Once you reach the line that holds "spline S1741 degree" in the listing below, output it and every line after it through the line that holds "line L131 (16.4585, -89.6949)", word for word.

=====

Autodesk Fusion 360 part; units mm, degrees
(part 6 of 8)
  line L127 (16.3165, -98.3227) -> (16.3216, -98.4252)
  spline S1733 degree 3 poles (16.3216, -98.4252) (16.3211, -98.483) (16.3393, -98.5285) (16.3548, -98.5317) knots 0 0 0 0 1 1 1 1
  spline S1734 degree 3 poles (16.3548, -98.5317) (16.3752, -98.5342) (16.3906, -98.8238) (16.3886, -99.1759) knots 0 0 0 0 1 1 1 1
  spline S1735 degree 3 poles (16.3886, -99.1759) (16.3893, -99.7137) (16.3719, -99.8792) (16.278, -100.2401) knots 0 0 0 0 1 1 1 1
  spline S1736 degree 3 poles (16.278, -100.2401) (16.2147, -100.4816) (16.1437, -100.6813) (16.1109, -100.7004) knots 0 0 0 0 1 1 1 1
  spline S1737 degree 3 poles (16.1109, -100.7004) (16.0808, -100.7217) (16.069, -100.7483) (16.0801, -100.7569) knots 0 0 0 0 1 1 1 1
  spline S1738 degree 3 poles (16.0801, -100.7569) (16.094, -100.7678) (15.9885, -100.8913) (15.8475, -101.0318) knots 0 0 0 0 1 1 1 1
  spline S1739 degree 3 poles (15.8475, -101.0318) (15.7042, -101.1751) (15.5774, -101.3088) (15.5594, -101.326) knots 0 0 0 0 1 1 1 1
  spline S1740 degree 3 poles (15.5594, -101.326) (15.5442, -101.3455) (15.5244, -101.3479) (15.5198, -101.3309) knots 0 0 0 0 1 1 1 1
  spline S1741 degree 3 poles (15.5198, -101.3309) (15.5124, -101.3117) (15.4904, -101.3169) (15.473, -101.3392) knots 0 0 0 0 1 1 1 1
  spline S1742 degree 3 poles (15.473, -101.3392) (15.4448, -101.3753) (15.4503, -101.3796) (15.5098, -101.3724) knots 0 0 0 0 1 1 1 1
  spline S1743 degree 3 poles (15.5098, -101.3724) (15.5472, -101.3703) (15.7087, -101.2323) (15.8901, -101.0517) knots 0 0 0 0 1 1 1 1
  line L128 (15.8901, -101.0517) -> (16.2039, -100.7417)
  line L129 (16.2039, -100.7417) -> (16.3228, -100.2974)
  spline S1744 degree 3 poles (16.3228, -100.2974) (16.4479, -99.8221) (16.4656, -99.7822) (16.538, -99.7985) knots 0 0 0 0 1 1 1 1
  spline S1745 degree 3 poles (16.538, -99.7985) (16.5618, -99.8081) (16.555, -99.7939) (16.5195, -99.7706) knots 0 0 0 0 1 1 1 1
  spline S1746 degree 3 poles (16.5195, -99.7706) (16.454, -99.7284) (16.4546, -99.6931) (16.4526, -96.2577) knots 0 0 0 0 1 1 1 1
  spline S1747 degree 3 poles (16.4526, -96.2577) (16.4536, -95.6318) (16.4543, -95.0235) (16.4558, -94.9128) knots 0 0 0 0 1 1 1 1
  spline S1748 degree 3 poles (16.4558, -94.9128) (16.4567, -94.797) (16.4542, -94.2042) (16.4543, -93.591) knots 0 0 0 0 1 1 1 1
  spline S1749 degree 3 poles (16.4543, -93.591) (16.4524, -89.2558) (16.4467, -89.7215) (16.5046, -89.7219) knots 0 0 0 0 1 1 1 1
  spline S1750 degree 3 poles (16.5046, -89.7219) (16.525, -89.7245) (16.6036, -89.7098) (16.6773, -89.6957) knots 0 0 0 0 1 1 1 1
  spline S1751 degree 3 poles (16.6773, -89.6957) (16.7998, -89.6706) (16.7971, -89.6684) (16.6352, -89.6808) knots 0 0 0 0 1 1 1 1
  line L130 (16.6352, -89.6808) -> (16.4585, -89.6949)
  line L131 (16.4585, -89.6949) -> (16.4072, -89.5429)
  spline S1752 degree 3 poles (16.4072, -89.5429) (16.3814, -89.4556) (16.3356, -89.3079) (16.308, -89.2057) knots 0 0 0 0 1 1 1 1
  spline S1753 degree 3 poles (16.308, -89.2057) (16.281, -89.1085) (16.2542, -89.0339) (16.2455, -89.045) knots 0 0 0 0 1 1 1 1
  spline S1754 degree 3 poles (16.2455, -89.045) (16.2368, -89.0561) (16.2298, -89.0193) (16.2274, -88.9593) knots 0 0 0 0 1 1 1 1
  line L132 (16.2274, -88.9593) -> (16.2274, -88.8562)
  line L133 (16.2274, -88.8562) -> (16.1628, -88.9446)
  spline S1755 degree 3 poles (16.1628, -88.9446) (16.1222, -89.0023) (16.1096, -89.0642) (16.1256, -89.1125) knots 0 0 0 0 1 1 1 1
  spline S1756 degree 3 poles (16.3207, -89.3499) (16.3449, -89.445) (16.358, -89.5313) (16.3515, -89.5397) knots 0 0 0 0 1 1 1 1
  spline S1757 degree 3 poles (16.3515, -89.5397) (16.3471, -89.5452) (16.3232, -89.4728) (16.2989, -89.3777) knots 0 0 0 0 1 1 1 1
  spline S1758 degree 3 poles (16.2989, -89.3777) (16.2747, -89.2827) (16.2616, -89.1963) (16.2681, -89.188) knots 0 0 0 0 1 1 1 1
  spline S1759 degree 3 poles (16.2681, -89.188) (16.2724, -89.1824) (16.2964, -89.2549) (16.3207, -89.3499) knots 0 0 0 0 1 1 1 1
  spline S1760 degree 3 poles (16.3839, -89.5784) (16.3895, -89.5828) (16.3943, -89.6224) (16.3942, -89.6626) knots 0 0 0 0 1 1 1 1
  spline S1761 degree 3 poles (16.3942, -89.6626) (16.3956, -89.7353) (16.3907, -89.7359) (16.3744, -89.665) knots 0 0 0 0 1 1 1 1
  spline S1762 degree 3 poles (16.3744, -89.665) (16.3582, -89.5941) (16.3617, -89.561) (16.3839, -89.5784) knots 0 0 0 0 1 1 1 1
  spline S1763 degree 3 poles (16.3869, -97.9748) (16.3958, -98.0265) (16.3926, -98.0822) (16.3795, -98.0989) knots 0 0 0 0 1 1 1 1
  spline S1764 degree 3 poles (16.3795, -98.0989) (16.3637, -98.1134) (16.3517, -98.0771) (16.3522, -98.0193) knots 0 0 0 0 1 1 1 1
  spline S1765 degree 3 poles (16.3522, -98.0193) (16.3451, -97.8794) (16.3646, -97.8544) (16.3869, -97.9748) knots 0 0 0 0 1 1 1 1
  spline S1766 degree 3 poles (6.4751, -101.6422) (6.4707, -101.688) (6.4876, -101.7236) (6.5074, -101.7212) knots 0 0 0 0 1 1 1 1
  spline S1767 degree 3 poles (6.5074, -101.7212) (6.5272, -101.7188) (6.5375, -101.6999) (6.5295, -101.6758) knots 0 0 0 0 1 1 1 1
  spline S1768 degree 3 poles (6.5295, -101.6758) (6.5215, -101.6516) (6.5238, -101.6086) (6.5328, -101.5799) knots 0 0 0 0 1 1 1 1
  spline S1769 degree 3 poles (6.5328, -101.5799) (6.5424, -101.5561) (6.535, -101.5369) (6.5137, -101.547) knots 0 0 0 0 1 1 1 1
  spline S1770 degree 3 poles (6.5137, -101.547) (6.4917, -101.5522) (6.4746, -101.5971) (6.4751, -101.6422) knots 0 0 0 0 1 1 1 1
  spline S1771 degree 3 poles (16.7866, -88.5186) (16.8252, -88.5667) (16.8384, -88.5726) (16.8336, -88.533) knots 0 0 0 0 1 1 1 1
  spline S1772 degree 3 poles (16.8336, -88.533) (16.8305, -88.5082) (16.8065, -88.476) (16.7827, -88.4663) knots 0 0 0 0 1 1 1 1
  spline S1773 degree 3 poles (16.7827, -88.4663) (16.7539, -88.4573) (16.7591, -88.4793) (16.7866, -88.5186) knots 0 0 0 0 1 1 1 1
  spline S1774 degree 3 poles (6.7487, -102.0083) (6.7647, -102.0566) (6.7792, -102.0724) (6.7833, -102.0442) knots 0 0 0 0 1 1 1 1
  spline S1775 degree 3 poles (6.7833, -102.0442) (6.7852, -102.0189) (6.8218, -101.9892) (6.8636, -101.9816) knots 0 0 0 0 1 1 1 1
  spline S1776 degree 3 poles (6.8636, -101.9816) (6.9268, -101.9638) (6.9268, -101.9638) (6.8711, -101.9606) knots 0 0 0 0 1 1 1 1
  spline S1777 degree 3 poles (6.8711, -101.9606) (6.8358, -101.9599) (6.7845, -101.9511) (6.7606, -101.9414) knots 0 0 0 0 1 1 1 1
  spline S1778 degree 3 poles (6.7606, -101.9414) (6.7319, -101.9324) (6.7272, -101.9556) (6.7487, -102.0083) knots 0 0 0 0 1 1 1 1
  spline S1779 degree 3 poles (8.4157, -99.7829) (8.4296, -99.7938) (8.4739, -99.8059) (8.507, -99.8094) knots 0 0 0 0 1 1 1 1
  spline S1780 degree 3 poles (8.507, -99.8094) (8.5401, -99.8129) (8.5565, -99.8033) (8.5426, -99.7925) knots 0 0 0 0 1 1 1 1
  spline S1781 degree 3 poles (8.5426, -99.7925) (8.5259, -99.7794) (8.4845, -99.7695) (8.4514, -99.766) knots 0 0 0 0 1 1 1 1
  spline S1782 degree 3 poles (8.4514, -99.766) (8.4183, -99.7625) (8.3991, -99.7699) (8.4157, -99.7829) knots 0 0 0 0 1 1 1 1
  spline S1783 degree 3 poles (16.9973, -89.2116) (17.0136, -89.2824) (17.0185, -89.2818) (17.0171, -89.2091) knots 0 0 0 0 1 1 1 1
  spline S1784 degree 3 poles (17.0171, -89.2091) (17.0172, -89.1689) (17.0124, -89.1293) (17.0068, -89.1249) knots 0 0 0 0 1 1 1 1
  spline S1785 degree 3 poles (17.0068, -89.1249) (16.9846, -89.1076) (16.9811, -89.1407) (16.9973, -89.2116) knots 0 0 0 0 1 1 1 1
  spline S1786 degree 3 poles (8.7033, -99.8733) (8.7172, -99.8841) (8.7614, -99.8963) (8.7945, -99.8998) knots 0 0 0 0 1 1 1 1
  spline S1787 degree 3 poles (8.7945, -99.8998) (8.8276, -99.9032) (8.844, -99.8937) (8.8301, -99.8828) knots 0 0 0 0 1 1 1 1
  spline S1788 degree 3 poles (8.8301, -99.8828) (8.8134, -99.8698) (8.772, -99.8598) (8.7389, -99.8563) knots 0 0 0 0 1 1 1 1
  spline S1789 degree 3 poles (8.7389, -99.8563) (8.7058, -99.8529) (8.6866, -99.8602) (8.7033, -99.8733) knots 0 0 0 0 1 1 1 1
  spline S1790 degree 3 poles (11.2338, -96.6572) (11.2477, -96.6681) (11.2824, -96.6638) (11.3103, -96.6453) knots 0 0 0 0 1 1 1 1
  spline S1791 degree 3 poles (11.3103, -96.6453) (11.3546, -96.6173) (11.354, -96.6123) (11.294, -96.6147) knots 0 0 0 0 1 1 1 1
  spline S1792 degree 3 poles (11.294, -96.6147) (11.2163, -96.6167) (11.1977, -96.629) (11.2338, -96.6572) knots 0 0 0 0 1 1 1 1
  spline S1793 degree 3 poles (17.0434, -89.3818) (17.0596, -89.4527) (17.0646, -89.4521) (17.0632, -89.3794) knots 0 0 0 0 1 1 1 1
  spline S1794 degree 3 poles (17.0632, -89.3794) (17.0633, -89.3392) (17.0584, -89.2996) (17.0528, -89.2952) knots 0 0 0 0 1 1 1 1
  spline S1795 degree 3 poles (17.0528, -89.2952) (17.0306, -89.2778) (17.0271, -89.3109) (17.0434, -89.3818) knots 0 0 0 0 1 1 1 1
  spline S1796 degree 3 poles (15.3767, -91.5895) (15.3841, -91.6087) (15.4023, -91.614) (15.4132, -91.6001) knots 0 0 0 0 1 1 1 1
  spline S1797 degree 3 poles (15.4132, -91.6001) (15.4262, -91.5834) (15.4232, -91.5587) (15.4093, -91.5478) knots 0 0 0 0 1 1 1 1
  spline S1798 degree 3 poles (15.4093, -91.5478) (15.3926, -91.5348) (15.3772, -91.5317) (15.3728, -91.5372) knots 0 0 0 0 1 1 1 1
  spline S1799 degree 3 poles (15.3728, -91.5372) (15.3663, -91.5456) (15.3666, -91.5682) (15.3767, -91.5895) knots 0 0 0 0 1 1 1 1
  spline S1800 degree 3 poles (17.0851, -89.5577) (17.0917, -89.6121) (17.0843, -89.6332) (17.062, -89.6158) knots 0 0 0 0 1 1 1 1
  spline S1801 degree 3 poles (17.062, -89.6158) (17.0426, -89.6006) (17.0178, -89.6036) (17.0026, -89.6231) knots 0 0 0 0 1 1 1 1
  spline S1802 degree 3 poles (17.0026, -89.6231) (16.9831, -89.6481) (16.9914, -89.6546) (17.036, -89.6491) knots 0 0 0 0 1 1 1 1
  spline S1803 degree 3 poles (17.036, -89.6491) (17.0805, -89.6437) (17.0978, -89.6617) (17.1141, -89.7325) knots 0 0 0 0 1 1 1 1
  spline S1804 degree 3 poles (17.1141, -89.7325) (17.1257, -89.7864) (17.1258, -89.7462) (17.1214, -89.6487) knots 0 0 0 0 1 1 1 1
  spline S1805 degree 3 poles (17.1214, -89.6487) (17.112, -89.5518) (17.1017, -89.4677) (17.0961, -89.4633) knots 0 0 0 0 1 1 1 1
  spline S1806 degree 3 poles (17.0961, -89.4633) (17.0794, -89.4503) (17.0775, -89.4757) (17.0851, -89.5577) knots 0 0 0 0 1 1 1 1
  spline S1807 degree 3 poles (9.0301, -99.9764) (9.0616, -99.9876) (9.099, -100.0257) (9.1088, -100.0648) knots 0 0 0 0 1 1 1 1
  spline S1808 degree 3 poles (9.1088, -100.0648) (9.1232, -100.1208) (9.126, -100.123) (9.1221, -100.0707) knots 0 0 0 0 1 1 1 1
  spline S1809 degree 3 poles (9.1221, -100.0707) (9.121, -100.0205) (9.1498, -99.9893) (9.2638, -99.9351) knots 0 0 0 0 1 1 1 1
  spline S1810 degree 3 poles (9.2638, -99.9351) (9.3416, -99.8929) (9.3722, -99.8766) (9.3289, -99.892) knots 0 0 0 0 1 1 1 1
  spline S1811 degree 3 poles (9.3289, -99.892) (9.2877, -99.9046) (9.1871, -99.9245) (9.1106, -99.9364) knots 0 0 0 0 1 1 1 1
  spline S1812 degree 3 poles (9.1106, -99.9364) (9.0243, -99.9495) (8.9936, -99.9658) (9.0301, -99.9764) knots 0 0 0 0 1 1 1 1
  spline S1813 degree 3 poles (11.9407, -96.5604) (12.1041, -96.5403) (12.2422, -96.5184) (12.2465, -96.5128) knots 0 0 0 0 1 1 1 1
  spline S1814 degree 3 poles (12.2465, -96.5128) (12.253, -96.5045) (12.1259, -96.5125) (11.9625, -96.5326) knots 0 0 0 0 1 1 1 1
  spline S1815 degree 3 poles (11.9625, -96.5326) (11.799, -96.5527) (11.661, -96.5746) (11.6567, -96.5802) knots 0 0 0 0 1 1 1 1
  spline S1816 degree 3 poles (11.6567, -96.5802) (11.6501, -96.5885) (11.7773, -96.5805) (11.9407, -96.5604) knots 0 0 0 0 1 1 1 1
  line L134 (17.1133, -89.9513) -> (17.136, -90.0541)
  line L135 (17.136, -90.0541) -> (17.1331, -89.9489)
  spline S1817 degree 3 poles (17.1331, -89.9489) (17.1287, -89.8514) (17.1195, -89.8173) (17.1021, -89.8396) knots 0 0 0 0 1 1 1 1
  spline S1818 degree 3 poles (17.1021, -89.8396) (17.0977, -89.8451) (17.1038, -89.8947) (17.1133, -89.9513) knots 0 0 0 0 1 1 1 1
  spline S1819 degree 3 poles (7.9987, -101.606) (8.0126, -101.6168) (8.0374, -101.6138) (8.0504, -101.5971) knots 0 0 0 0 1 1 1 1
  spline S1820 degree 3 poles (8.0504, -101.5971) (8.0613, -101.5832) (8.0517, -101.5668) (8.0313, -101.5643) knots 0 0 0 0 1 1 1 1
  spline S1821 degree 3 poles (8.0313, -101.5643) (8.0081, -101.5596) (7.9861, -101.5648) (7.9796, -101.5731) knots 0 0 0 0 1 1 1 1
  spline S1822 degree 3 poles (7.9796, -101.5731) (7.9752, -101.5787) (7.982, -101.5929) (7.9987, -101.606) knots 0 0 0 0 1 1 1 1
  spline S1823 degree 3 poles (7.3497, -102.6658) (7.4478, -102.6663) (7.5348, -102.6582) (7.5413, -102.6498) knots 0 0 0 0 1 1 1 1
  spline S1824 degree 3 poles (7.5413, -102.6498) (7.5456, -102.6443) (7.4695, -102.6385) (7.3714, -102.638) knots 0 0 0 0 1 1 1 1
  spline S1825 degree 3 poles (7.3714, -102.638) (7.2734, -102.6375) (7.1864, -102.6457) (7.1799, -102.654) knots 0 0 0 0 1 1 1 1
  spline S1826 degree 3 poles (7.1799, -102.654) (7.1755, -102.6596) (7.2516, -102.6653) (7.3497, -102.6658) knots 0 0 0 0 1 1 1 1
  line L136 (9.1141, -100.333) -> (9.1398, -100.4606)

=====

WORKED SOLUTION:
  spline S1741 degree 3 poles (15.5198, -101.3309) (15.5124, -101.3117) (15.4904, -101.3169) (15.473, -101.3392) knots 0 0 0 0 1 1 1 1
  spline S1742 degree 3 poles (15.473, -101.3392) (15.4448, -101.3753) (15.4503, -101.3796) (15.5098, -101.3724) knots 0 0 0 0 1 1 1 1
  spline S1743 degree 3 poles (15.5098, -101.3724) (15.5472, -101.3703) (15.7087, -101.2323) (15.8901, -101.0517) knots 0 0 0 0 1 1 1 1
  line L128 (15.8901, -101.0517) -> (16.2039, -100.7417)
  line L129 (16.2039, -100.7417) -> (16.3228, -100.2974)
  spline S1744 degree 3 poles (16.3228, -100.2974) (16.4479, -99.8221) (16.4656, -99.7822) (16.538, -99.7985) knots 0 0 0 0 1 1 1 1
  spline S1745 degree 3 poles (16.538, -99.7985) (16.5618, -99.8081) (16.555, -99.7939) (16.5195, -99.7706) knots 0 0 0 0 1 1 1 1
  spline S1746 degree 3 poles (16.5195, -99.7706) (16.454, -99.7284) (16.4546, -99.6931) (16.4526, -96.2577) knots 0 0 0 0 1 1 1 1
  spline S1747 degree 3 poles (16.4526, -96.2577) (16.4536, -95.6318) (16.4543, -95.0235) (16.4558, -94.9128) knots 0 0 0 0 1 1 1 1
  spline S1748 degree 3 poles (16.4558, -94.9128) (16.4567, -94.797) (16.4542, -94.2042) (16.4543, -93.591) knots 0 0 0 0 1 1 1 1
  spline S1749 degree 3 poles (16.4543, -93.591) (16.4524, -89.2558) (16.4467, -89.7215) (16.5046, -89.7219) knots 0 0 0 0 1 1 1 1
  spline S1750 degree 3 poles (16.5046, -89.7219) (16.525, -89.7245) (16.6036, -89.7098) (16.6773, -89.6957) knots 0 0 0 0 1 1 1 1
  spline S1751 degree 3 poles (16.6773, -89.6957) (16.7998, -89.6706) (16.7971, -89.6684) (16.6352, -89.6808) knots 0 0 0 0 1 1 1 1
  line L130 (16.6352, -89.6808) -> (16.4585, -89.6949)
  line L131 (16.4585, -89.6949) -> (16.4072, -89.5429)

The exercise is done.